The problem
Set down the lines that begin at the top of the records and end with the line containing "#1=APPLICATION_CONTEXT('core data for", and drop every picture.

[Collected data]

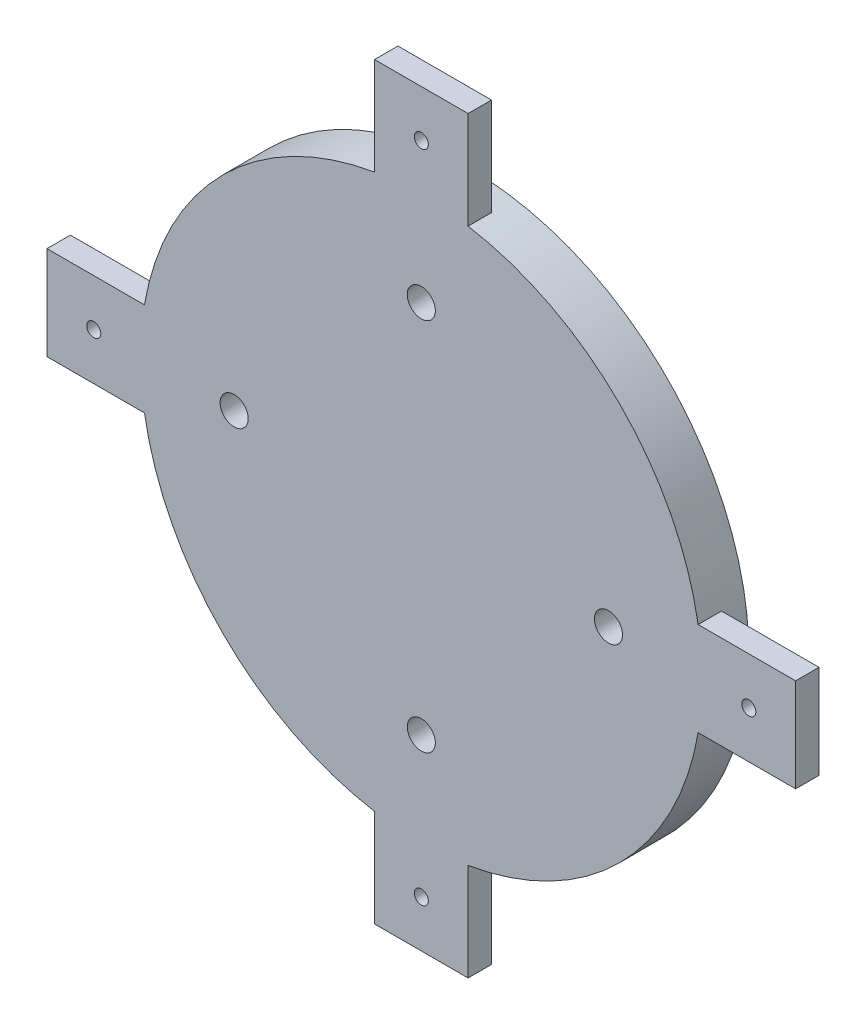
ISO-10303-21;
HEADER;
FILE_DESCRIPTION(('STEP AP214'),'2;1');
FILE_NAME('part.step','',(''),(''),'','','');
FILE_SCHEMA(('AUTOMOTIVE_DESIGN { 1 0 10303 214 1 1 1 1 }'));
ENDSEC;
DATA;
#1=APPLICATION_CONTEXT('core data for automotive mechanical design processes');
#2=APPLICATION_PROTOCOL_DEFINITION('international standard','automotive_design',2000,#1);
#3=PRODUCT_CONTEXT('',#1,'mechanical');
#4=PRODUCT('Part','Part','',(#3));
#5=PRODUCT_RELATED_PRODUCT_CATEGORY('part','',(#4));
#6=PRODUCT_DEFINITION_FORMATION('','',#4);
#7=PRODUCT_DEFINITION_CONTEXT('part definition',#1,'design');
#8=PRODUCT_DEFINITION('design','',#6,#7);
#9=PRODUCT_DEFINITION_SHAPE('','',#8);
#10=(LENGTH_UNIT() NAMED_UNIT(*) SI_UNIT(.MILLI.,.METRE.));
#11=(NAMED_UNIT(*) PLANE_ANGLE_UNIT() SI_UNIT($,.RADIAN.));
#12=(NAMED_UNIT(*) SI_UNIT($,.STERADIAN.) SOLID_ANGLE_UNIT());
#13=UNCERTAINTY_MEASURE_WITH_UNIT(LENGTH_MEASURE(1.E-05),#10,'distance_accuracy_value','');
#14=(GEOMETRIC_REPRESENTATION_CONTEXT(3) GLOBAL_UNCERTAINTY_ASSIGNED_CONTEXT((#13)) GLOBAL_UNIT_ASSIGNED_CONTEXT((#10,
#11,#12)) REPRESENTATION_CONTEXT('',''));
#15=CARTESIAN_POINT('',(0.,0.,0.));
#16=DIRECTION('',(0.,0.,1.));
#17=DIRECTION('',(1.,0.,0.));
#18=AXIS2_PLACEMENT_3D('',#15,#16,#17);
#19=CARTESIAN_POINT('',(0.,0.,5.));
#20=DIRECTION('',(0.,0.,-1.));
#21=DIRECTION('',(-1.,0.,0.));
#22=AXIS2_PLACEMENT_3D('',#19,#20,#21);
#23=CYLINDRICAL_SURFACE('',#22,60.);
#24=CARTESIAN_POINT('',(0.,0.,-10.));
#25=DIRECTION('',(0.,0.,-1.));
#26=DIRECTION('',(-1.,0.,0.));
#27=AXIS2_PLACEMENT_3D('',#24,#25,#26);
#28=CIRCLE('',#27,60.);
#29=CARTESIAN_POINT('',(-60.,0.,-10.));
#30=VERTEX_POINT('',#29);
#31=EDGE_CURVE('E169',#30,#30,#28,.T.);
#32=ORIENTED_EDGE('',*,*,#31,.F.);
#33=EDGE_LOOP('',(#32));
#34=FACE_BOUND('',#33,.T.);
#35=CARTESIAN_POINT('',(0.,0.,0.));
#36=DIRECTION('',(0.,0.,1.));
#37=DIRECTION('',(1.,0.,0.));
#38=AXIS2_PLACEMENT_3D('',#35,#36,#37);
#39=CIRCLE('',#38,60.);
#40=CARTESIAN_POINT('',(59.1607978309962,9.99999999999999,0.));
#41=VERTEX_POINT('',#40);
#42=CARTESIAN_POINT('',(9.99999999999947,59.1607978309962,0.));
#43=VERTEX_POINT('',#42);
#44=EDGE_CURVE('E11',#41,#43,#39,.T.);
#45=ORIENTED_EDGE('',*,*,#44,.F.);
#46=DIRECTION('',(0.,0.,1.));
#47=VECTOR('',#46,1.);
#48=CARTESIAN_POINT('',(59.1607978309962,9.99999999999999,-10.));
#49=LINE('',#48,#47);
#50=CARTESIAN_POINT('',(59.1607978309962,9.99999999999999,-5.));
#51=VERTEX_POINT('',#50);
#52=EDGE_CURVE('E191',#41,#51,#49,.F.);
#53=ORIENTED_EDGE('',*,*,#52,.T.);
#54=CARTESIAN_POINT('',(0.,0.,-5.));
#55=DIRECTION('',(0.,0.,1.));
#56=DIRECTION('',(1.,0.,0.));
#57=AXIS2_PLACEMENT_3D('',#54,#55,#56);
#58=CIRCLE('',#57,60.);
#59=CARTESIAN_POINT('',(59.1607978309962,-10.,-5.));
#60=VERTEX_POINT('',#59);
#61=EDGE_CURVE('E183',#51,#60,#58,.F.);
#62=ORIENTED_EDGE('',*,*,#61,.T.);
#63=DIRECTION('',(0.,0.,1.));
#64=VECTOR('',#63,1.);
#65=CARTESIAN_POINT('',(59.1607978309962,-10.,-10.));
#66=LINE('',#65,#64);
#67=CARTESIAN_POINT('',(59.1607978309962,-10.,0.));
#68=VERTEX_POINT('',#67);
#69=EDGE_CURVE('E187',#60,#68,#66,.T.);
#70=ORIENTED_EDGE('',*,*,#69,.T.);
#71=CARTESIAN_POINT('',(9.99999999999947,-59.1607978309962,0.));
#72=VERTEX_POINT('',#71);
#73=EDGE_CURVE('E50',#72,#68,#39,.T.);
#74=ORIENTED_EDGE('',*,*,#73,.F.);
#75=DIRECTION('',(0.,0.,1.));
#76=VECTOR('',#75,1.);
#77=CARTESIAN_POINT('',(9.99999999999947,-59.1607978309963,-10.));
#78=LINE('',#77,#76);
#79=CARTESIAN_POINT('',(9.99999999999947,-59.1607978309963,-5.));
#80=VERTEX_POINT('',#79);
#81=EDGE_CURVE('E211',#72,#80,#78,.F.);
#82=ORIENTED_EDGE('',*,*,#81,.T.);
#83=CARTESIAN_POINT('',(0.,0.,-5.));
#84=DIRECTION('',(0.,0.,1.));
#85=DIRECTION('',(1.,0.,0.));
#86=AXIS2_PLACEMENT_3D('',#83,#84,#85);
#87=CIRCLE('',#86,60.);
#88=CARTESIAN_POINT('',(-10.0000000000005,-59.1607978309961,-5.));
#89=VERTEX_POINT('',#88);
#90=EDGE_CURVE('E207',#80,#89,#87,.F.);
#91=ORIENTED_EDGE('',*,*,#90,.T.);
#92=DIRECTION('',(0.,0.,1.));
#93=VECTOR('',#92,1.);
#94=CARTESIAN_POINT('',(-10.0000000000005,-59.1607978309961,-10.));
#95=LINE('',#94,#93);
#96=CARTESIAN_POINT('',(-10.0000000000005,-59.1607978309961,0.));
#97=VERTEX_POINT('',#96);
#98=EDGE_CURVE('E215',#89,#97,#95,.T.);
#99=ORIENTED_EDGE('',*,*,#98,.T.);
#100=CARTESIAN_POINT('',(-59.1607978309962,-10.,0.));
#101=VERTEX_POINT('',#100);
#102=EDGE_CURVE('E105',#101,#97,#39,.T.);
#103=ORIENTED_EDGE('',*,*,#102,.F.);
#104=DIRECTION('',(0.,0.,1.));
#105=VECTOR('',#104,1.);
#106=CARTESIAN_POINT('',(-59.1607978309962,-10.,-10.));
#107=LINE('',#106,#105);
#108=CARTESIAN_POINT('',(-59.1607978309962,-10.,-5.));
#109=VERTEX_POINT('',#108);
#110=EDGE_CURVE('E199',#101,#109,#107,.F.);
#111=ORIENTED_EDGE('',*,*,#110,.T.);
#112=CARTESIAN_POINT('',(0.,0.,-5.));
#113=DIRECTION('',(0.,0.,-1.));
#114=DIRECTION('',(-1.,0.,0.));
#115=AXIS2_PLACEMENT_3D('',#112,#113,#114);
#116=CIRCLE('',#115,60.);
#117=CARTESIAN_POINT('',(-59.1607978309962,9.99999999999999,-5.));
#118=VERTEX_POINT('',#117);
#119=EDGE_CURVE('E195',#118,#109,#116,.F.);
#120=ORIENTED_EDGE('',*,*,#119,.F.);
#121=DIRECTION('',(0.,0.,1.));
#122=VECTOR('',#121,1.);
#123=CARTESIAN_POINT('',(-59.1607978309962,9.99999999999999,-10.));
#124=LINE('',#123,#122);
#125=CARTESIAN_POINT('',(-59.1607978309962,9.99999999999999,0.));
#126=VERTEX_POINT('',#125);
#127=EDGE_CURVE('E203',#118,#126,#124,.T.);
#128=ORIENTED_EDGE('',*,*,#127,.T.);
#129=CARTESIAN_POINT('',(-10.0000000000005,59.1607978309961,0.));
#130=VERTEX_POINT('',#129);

Exercise output
ISO-10303-21;
HEADER;
FILE_DESCRIPTION(('STEP AP214'),'2;1');
FILE_NAME('part.step','',(''),(''),'','','');
FILE_SCHEMA(('AUTOMOTIVE_DESIGN { 1 0 10303 214 1 1 1 1 }'));
ENDSEC;
DATA;
#1=APPLICATION_CONTEXT('core data for automotive mechanical design processes');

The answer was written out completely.